Hematopoietic stem cell transplantation (HSCT) has become the treatment of choice to cure or improve the outcomes of a wide variety of haematological malignancies and disorders.^1–4 HSCT can be performed by the transfer of hematopoietic stem cells from the donor to the recipient (allogeneic HSCT) or by the return of previously harvested cells of the same individual (autologous HSCT) after administration of conditioning regimens.⁴ Myeloablative (MA) conditioning leads to profound pancytopenia, and also breaks down mucosal barriers, which might result in seeding of residing microorganisms of the gastrointestinal system into the bloodstream. Therefore, infectious complications begin to appear in the early post-transplant period. Nonmyeloablative (NMA) conditioning has the advantages of reduced regimen-related toxicity and transplant-related mortality.
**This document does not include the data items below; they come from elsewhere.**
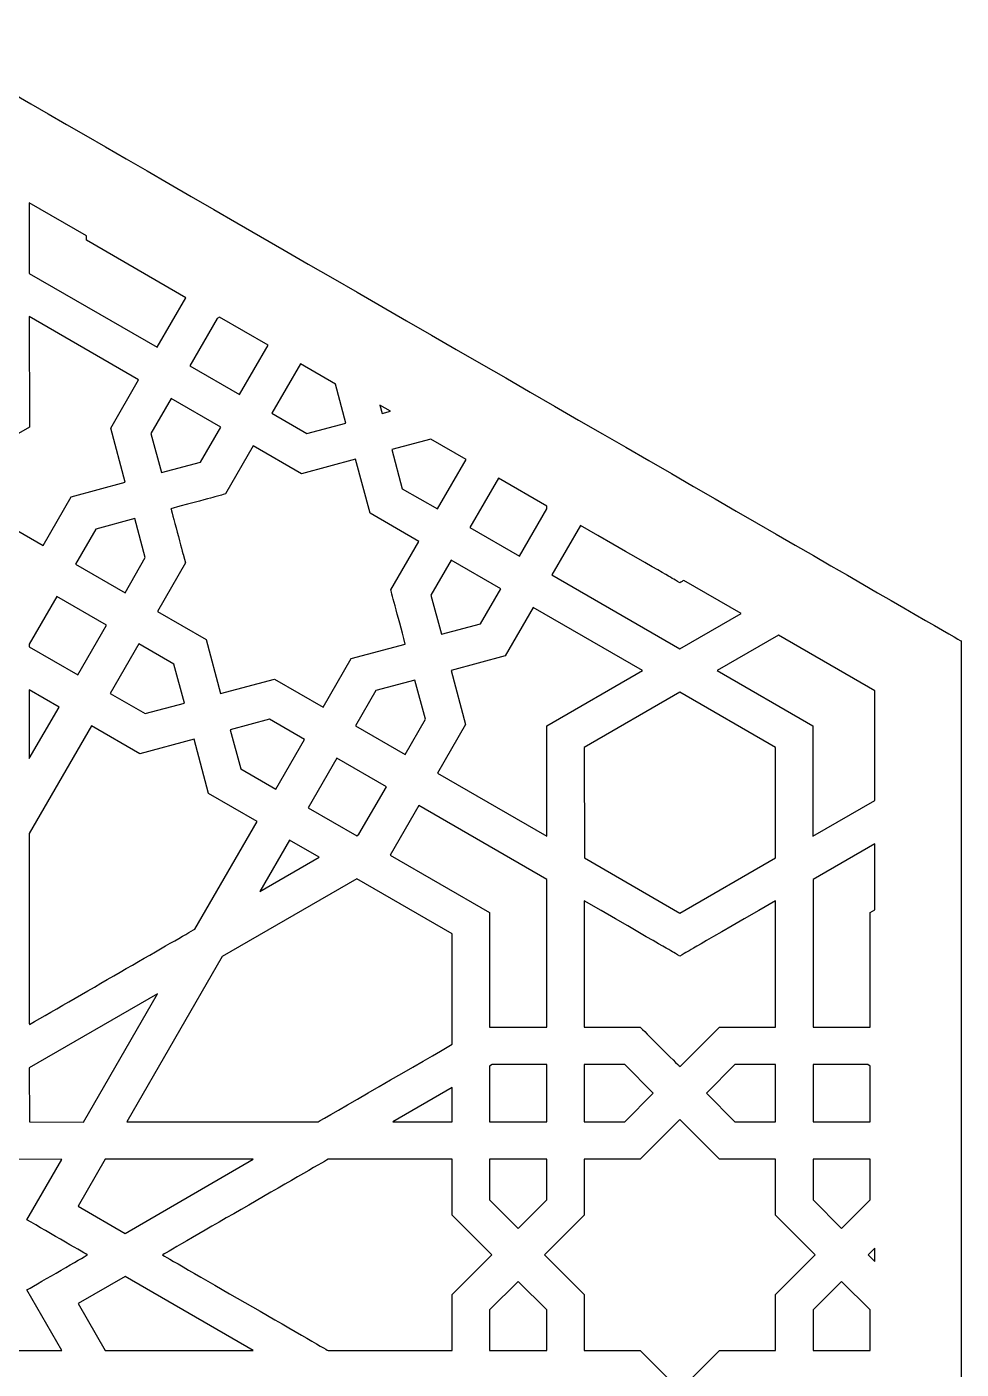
# Model space of a CAD drawing. Header units: millimetres. Extents: x -43.2 to 43.4, y -49.9 to 50.1.
# Drawn here: x 5.4 to 43.4, y -4.6 to 50.1 of the extents above; entities that cross this region are included whole.
import ezdxf

# ---------------------------------------------------------------- set-up
doc = ezdxf.new("R2010")
doc.units = ezdxf.units.MM
doc.header["$MEASUREMENT"] = 0
doc.layers.add('layer 1', color=7, linetype='Continuous')

msp = doc.modelspace()

# ---------------------------------------------------------------- linework, layer by layer
at = {"layer": 'layer 1', "color": 250}
for points, knots in [([(0.0861, 50.0818), (-0.0815, 49.9851), (-42.965, 25.2261), (-43.2153, 25.0818), (-43.2153, 25.0818), (-43.2153, 19.213), (-43.2153, -19.109), (-43.2153, -24.9181), (-43.2153, -24.9181), (-39.124, -27.2803), (-4.0065, -47.5551), (0.0861, -49.9181), (0.0861, -49.9181), (0.1485, -49.8821), (43.3246, -24.9545), (43.3871, -24.9181), (43.3871, -24.9181), (43.3871, -19.8272), (43.3871, 19.9909), (43.3871, 25.0818), (43.3871, 25.0818), (43.3151, 25.1234), (0.3944, 49.9036), (0.0861, 50.0818)], [0, 0, 0, 0, 0.1428571, 0.1428571, 0.1428571, 0.1428571, 0.2857143, 0.2857143, 0.2857143, 0.2857143, 0.4285714, 0.4285714, 0.4285714, 0.4285714, 0.5714286, 0.5714286, 0.5714286, 0.5714286, 0.7142857, 0.7142857, 0.7142857, 0.7142857, 1, 1, 1, 1]), ([(7.7875, 41.5749), (7.7875, 41.5749), (7.7875, 41.3921), (7.7875, 41.3921), (7.7875, 41.3921), (7.7875, 41.3921), (11.8307, 39.0525), (11.8307, 39.0525), (11.8307, 39.0525), (11.8307, 39.0525), (10.6634, 37.0367), (10.6634, 37.0367), (10.6634, 37.0367), (10.6634, 37.0367), (5.4536, 40.0424), (5.4536, 40.0424), (5.4536, 40.0424), (5.4536, 40.0424), (5.4536, 42.9225), (5.4536, 42.9225), (5.4536, 42.9225), (5.4536, 42.9225), (7.7875, 41.5749), (7.7875, 41.5749)], [0, 0, 0, 0, 0.1428571, 0.1428571, 0.1428571, 0.1428571, 0.2857143, 0.2857143, 0.2857143, 0.2857143, 0.4285714, 0.4285714, 0.4285714, 0.4285714, 0.5714286, 0.5714286, 0.5714286, 0.5714286, 0.7142857, 0.7142857, 0.7142857, 0.7142857, 1, 1, 1, 1]), ([(5.4536, 38.2863), (5.4536, 38.2863), (9.9035, 35.7163), (9.9035, 35.7163), (9.9035, 35.7163), (9.9035, 35.7163), (8.7658, 33.7418), (8.7658, 33.7418), (8.7658, 33.7418), (8.7658, 33.7418), (9.3553, 31.5376), (9.3553, 31.5376), (9.3553, 31.5376), (9.3553, 31.5376), (7.1511, 30.9425), (7.1511, 30.9425), (7.1511, 30.9425), (7.1511, 30.9425), (6.0134, 28.968), (6.0134, 28.968), (6.0134, 28.968), (6.0134, 28.968), (1.5575, 31.5436), (1.5575, 31.5436), (1.5575, 31.5436), (1.5575, 31.5436), (5.4596, 33.7891), (5.4596, 33.7891), (5.4596, 33.7891), (5.4596, 33.7891), (5.4536, 38.2863), (5.4536, 38.2863)], [0, 0, 0, 0, 0.1111111, 0.1111111, 0.1111111, 0.1111111, 0.2222222, 0.2222222, 0.2222222, 0.2222222, 0.3333333, 0.3333333, 0.3333333, 0.3333333, 0.4444444, 0.4444444, 0.4444444, 0.4444444, 0.5555556, 0.5555556, 0.5555556, 0.5555556, 0.6666667, 0.6666667, 0.6666667, 0.6666667, 0.7777778, 0.7777778, 0.7777778, 0.7777778, 1, 1, 1, 1]), ([(13.1036, 38.2097), (13.1036, 38.2097), (13.1981, 38.2626), (13.1981, 38.2626), (13.1981, 38.2626), (13.1981, 38.2626), (15.1726, 37.1249), (15.1726, 37.1249), (15.1726, 37.1249), (15.1726, 37.1249), (14.006, 35.1095), (14.006, 35.1095), (14.006, 35.1095), (14.006, 35.1095), (11.9838, 36.2765), (11.9838, 36.2765), (11.9838, 36.2765), (11.9838, 36.2765), (13.1036, 38.2097), (13.1036, 38.2097)], [0, 0, 0, 0, 0.1666667, 0.1666667, 0.1666667, 0.1666667, 0.3333333, 0.3333333, 0.3333333, 0.3333333, 0.5, 0.5, 0.5, 0.5, 0.6666667, 0.6666667, 0.6666667, 0.6666667, 1, 1, 1, 1]), ([(15.3257, 34.3493), (15.3257, 34.3493), (16.487, 36.3647), (16.487, 36.3647), (16.487, 36.3647), (16.487, 36.3647), (17.9193, 35.5395), (17.9193, 35.5395), (17.9193, 35.5395), (17.9193, 35.5395), (18.3434, 33.9482), (18.3434, 33.9482), (18.3434, 33.9482), (18.3434, 33.9482), (16.752, 33.5241), (16.752, 33.5241), (16.752, 33.5241), (16.752, 33.5241), (15.3257, 34.3493), (15.3257, 34.3493)], [0, 0, 0, 0, 0.1666667, 0.1666667, 0.1666667, 0.1666667, 0.3333333, 0.3333333, 0.3333333, 0.3333333, 0.5, 0.5, 0.5, 0.5, 0.6666667, 0.6666667, 0.6666667, 0.6666667, 1, 1, 1, 1]), ([(13.2454, 33.7891), (13.2454, 33.7891), (12.4202, 32.3628), (12.4202, 32.3628), (12.4202, 32.3628), (12.4202, 32.3628), (10.8288, 31.9384), (10.8288, 31.9384), (10.8288, 31.9384), (10.8288, 31.9384), (10.3985, 33.5298), (10.3985, 33.5298), (10.3985, 33.5298), (10.3985, 33.5298), (11.224, 34.9561), (11.224, 34.9561), (11.224, 34.9561), (11.224, 34.9561), (13.2454, 33.7891), (13.2454, 33.7891)], [0, 0, 0, 0, 0.1666667, 0.1666667, 0.1666667, 0.1666667, 0.3333333, 0.3333333, 0.3333333, 0.3333333, 0.5, 0.5, 0.5, 0.5, 0.6666667, 0.6666667, 0.6666667, 0.6666667, 1, 1, 1, 1]), ([(20.1559, 34.4339), (20.1559, 34.4339), (19.8169, 34.3433), (19.8169, 34.3433), (19.8169, 34.3433), (19.8169, 34.3433), (19.7263, 34.6819), (19.7263, 34.6819), (19.7263, 34.6819), (19.7263, 34.6819), (20.1559, 34.4339), (20.1559, 34.4339)], [0, 0, 0, 0, 0.25, 0.25, 0.25, 0.25, 0.5, 0.5, 0.5, 0.5, 1, 1, 1, 1]), ([(21.3081, 29.1327), (21.3081, 29.1327), (20.1648, 27.1642), (20.1648, 27.1642), (20.1648, 27.1642), (20.1648, 27.1642), (20.4424, 26.143), (20.7602, 24.9541), (20.7602, 24.9541), (20.7602, 24.9541), (18.5557, 24.3586), (18.5557, 24.3586), (18.5557, 24.3586), (18.5557, 24.3586), (17.418, 22.3901), (17.418, 22.3901), (17.418, 22.3901), (17.418, 22.3901), (15.4379, 23.5278), (15.4379, 23.5278), (15.4379, 23.5278), (15.4379, 23.5278), (13.2394, 22.9383), (13.2394, 22.9383), (13.2394, 22.9383), (13.2394, 22.9383), (12.6499, 25.1428), (12.6499, 25.1428), (12.6499, 25.1428), (12.6499, 25.1428), (10.6697, 26.2802), (10.6697, 26.2802), (10.6697, 26.2802), (10.6697, 26.2802), (11.8131, 28.2547), (11.8131, 28.2547), (11.8131, 28.2547), (11.8131, 28.2547), (11.7305, 28.5553), (11.7305, 28.5553), (11.7305, 28.5553), (11.727, 28.5588), (11.219, 30.4603), (11.218, 30.4648), (11.218, 30.4648), (13.3322, 31.0318), (12.9169, 30.9171), (13.4338, 31.066), (13.4338, 31.066), (13.4338, 31.066), (14.5655, 33.0288), (14.5655, 33.0288), (14.5655, 33.0288), (14.5655, 33.0288), (16.54, 31.8855), (16.54, 31.8855), (16.54, 31.8855), (16.54, 31.8855), (18.7385, 32.4806), (18.7385, 32.4806), (18.7385, 32.4806), (18.7385, 32.4806), (19.3336, 30.2765), (19.3336, 30.2765), (19.3336, 30.2765), (19.3336, 30.2765), (21.3081, 29.1327), (21.3081, 29.1327)], [0, 0, 0, 0, 0.0555556, 0.0555556, 0.0555556, 0.0555556, 0.1111111, 0.1111111, 0.1111111, 0.1111111, 0.1666667, 0.1666667, 0.1666667, 0.1666667, 0.2222222, 0.2222222, 0.2222222, 0.2222222, 0.2777778, 0.2777778, 0.2777778, 0.2777778, 0.3333333, 0.3333333, 0.3333333, 0.3333333, 0.3888889, 0.3888889, 0.3888889, 0.3888889, 0.4444444, 0.4444444, 0.4444444, 0.4444444, 0.5, 0.5, 0.5, 0.5, 0.5555556, 0.5555556, 0.5555556, 0.5555556, 0.6111111, 0.6111111, 0.6111111, 0.6111111, 0.6666667, 0.6666667, 0.6666667, 0.6666667, 0.7222222, 0.7222222, 0.7222222, 0.7222222, 0.7777778, 0.7777778, 0.7777778, 0.7777778, 0.8333333, 0.8333333, 0.8333333, 0.8333333, 0.8888889, 0.8888889, 0.8888889, 0.8888889, 1, 1, 1, 1]), ([(21.8034, 33.3001), (21.8034, 33.3001), (23.2353, 32.469), (23.2353, 32.469), (23.2353, 32.469), (23.2353, 32.469), (22.0687, 30.4532), (22.0687, 30.4532), (22.0687, 30.4532), (22.0687, 30.4532), (20.6364, 31.2783), (20.6364, 31.2783), (20.6364, 31.2783), (20.6364, 31.2783), (20.212, 32.8697), (20.212, 32.8697), (20.212, 32.8697), (20.212, 32.8697), (21.8034, 33.3001), (21.8034, 33.3001)], [0, 0, 0, 0, 0.1666667, 0.1666667, 0.1666667, 0.1666667, 0.3333333, 0.3333333, 0.3333333, 0.3333333, 0.5, 0.5, 0.5, 0.5, 0.6666667, 0.6666667, 0.6666667, 0.6666667, 1, 1, 1, 1]), ([(26.5243, 30.4592), (26.5243, 30.4592), (25.4046, 28.526), (25.4046, 28.526), (25.4046, 28.526), (25.4046, 28.526), (23.3888, 29.693), (23.3888, 29.693), (23.3888, 29.693), (23.3888, 29.693), (24.5498, 31.7084), (24.5498, 31.7084), (24.5498, 31.7084), (24.5498, 31.7084), (26.5243, 30.571), (26.5243, 30.571), (26.5243, 30.571), (26.5243, 30.571), (26.5243, 30.4592), (26.5243, 30.4592)], [0, 0, 0, 0, 0.1666667, 0.1666667, 0.1666667, 0.1666667, 0.3333333, 0.3333333, 0.3333333, 0.3333333, 0.5, 0.5, 0.5, 0.5, 0.6666667, 0.6666667, 0.6666667, 0.6666667, 1, 1, 1, 1]), ([(9.3493, 27.0404), (9.3493, 27.0404), (7.3339, 28.2078), (7.3339, 28.2078), (7.3339, 28.2078), (7.3339, 28.2078), (8.1587, 29.634), (8.1587, 29.634), (8.1587, 29.634), (8.1587, 29.634), (9.7501, 30.0641), (9.7501, 30.0641), (9.7501, 30.0641), (9.7501, 30.0641), (10.1748, 28.4731), (10.1748, 28.4731), (10.1748, 28.4731), (10.1748, 28.4731), (9.3493, 27.0404), (9.3493, 27.0404)], [0, 0, 0, 0, 0.1666667, 0.1666667, 0.1666667, 0.1666667, 0.3333333, 0.3333333, 0.3333333, 0.3333333, 0.5, 0.5, 0.5, 0.5, 0.6666667, 0.6666667, 0.6666667, 0.6666667, 1, 1, 1, 1]), ([(34.4272, 26.1945), (34.4272, 26.1945), (31.9352, 24.7537), (31.9352, 24.7537), (31.9352, 24.7537), (31.9352, 24.7537), (26.7247, 27.7654), (26.7247, 27.7654), (26.7247, 27.7654), (26.7247, 27.7654), (27.892, 29.7815), (27.892, 29.7815), (27.892, 29.7815), (31.9634, 27.4355), (31.3457, 27.7933), (31.9352, 27.4475), (31.9352, 27.4475), (32.0022, 27.486), (32.0527, 27.5149), (32.0968, 27.54), (32.0968, 27.54), (32.0968, 27.54), (34.4272, 26.1945), (34.4272, 26.1945)], [0, 0, 0, 0, 0.1428571, 0.1428571, 0.1428571, 0.1428571, 0.2857143, 0.2857143, 0.2857143, 0.2857143, 0.4285714, 0.4285714, 0.4285714, 0.4285714, 0.5714286, 0.5714286, 0.5714286, 0.5714286, 0.7142857, 0.7142857, 0.7142857, 0.7142857, 1, 1, 1, 1]), ([(21.8034, 26.9462), (21.8034, 26.9462), (22.6286, 28.3725), (22.6286, 28.3725), (22.6286, 28.3725), (22.6286, 28.3725), (24.644, 27.2055), (24.644, 27.2055), (24.644, 27.2055), (24.644, 27.2055), (23.8192, 25.7792), (23.8192, 25.7792), (23.8192, 25.7792), (23.8192, 25.7792), (22.2274, 25.3549), (22.2274, 25.3549), (22.2274, 25.3549), (22.2274, 25.3549), (21.8034, 26.9462), (21.8034, 26.9462)], [0, 0, 0, 0, 0.1666667, 0.1666667, 0.1666667, 0.1666667, 0.3333333, 0.3333333, 0.3333333, 0.3333333, 0.5, 0.5, 0.5, 0.5, 0.6666667, 0.6666667, 0.6666667, 0.6666667, 1, 1, 1, 1]), ([(5.4536, 24.8419), (5.4536, 24.8419), (5.4536, 24.9541), (5.4536, 24.9541), (5.4536, 24.9541), (5.4536, 24.9541), (6.5733, 26.8873), (6.5733, 26.8873), (6.5733, 26.8873), (6.5733, 26.8873), (8.5894, 25.7263), (8.5894, 25.7263), (8.5894, 25.7263), (8.5894, 25.7263), (7.4281, 23.7046), (7.4281, 23.7046), (7.4281, 23.7046), (7.4281, 23.7046), (5.4536, 24.8419), (5.4536, 24.8419)], [0, 0, 0, 0, 0.1666667, 0.1666667, 0.1666667, 0.1666667, 0.3333333, 0.3333333, 0.3333333, 0.3333333, 0.5, 0.5, 0.5, 0.5, 0.6666667, 0.6666667, 0.6666667, 0.6666667, 1, 1, 1, 1]), ([(26.5186, 21.6239), (26.5186, 21.6239), (26.5243, 17.127), (26.5243, 17.127), (26.5243, 17.127), (26.5243, 17.127), (22.0743, 19.6966), (22.0743, 19.6966), (22.0743, 19.6966), (22.0743, 19.6966), (23.2117, 21.6711), (23.2117, 21.6711), (23.2117, 21.6711), (23.2117, 21.6711), (22.6222, 23.8813), (22.6222, 23.8813), (22.6222, 23.8813), (22.6222, 23.8813), (24.8271, 24.4708), (24.8271, 24.4708), (24.8271, 24.4708), (24.8271, 24.4708), (25.9641, 26.4453), (25.9641, 26.4453), (25.9641, 26.4453), (25.9641, 26.4453), (30.42, 23.8757), (30.42, 23.8757), (30.42, 23.8757), (30.42, 23.8757), (26.5186, 21.6239), (26.5186, 21.6239)], [0, 0, 0, 0, 0.1111111, 0.1111111, 0.1111111, 0.1111111, 0.2222222, 0.2222222, 0.2222222, 0.2222222, 0.3333333, 0.3333333, 0.3333333, 0.3333333, 0.4444444, 0.4444444, 0.4444444, 0.4444444, 0.5555556, 0.5555556, 0.5555556, 0.5555556, 0.6666667, 0.6666667, 0.6666667, 0.6666667, 0.7777778, 0.7777778, 0.7777778, 0.7777778, 1, 1, 1, 1]), ([(37.3514, 17.127), (37.3514, 17.127), (37.3514, 21.6239), (37.3514, 21.6239), (37.3514, 21.6239), (37.3514, 21.6239), (33.4557, 23.8757), (33.4557, 23.8757), (33.4557, 23.8757), (33.4557, 23.8757), (35.9491, 25.3157), (35.9491, 25.3157), (35.9491, 25.3157), (35.9491, 25.3157), (39.8706, 23.0516), (39.8706, 23.0516), (39.8706, 23.0516), (39.8706, 23.0516), (39.8706, 18.5819), (39.8706, 18.5819), (39.8706, 18.5819), (39.8706, 18.5819), (37.3514, 17.127), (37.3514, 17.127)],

Therefore, patients being referred for HSCT but not eligible to receive a myeloablative conditioning may have the opportunity to benefit from HSCT. Recipients of NMA allogeneic HSCT experience a heterogeneous duration and degree of pancytopenia according to the administered regimen. NMA regimens with lower mucosal toxicity and myelosuppression provide a low incidence of infectious complications within the early period after transplantation. Immune recovery after NMA regimens was shown to be faster than that was seen following MA regimens, and improved immune reconstitution was associated with lower incidence of life-threatening infectious complications. Even though myelosuppressive potential of NMA regimens seems to be milder than MA regimens, the severity and duration of lymphodepletion is assumed to be similar, because of the implementation of immunosuppressive treatment to prevent graft rejection.^4–8

Risk factors for bacterial and resistant bacterial infections in patients with HSCT

Infectious complications are the major contributors of morbidity and mortality, especially within one year following HSCT. In the early post-transplant period, presence of neutropenia and mucosal damage predispose patients to infections. Presence and severity of graft-versus-host disease (GVHD) and immunosuppressive treatment for it have a considerable impact on the degree of overall immunosuppression and risk of infection.^4,7 The frequent use of central venous catheters brings about a substantial risk for severe, often recurrent, and potentially lethal infections.^9–11 Recipient factors such as age, comorbidities, and previous exposure to infectious agents prior to transplant, and the type of transplant, due to the distinct duration required for immune reconstitution, also influence the risk of infectious complications.⁴

Initiating broad-spectrum empirical antibacterial therapy results in decreased mortality in febrile neutropenic HSCT recipients. On the other hand, the use of such therapy has the risk of selection of resistant pathogens.^9,12–14 Fluoroquinolone prophylaxis in haematology settings led emerging fluoroquinolone resistance.^15–20 This prophylaxis has also been associated with emerging methicillin-resistant Staphylococcus aureus (MRSA), multidrug-resistant (MDR) Escherichia coli, and Pseudomonas aeruginosa bacteraemia, and Clostridium difficile infections.^21–25 Consequently, empirical carbapenem use in patients receiving quinolone prophylaxis has increased, a practice may, in turn, result in increased carbapenem-resistant bacterial infections.^16,26 In addition, prolonged and/or repeated hospitalisations, intensive care unit (ICU) stay, severity of illness, healthcare-associated infections, presence of urinary catheter and older age are considered as major risk factors for resistant bacterial infections.^12,26–30 Main risk factors for certain resistant bacterial infections are summarised in the Table 1.

Table 1.

Risks factor for certain resistant bacterial infections (29)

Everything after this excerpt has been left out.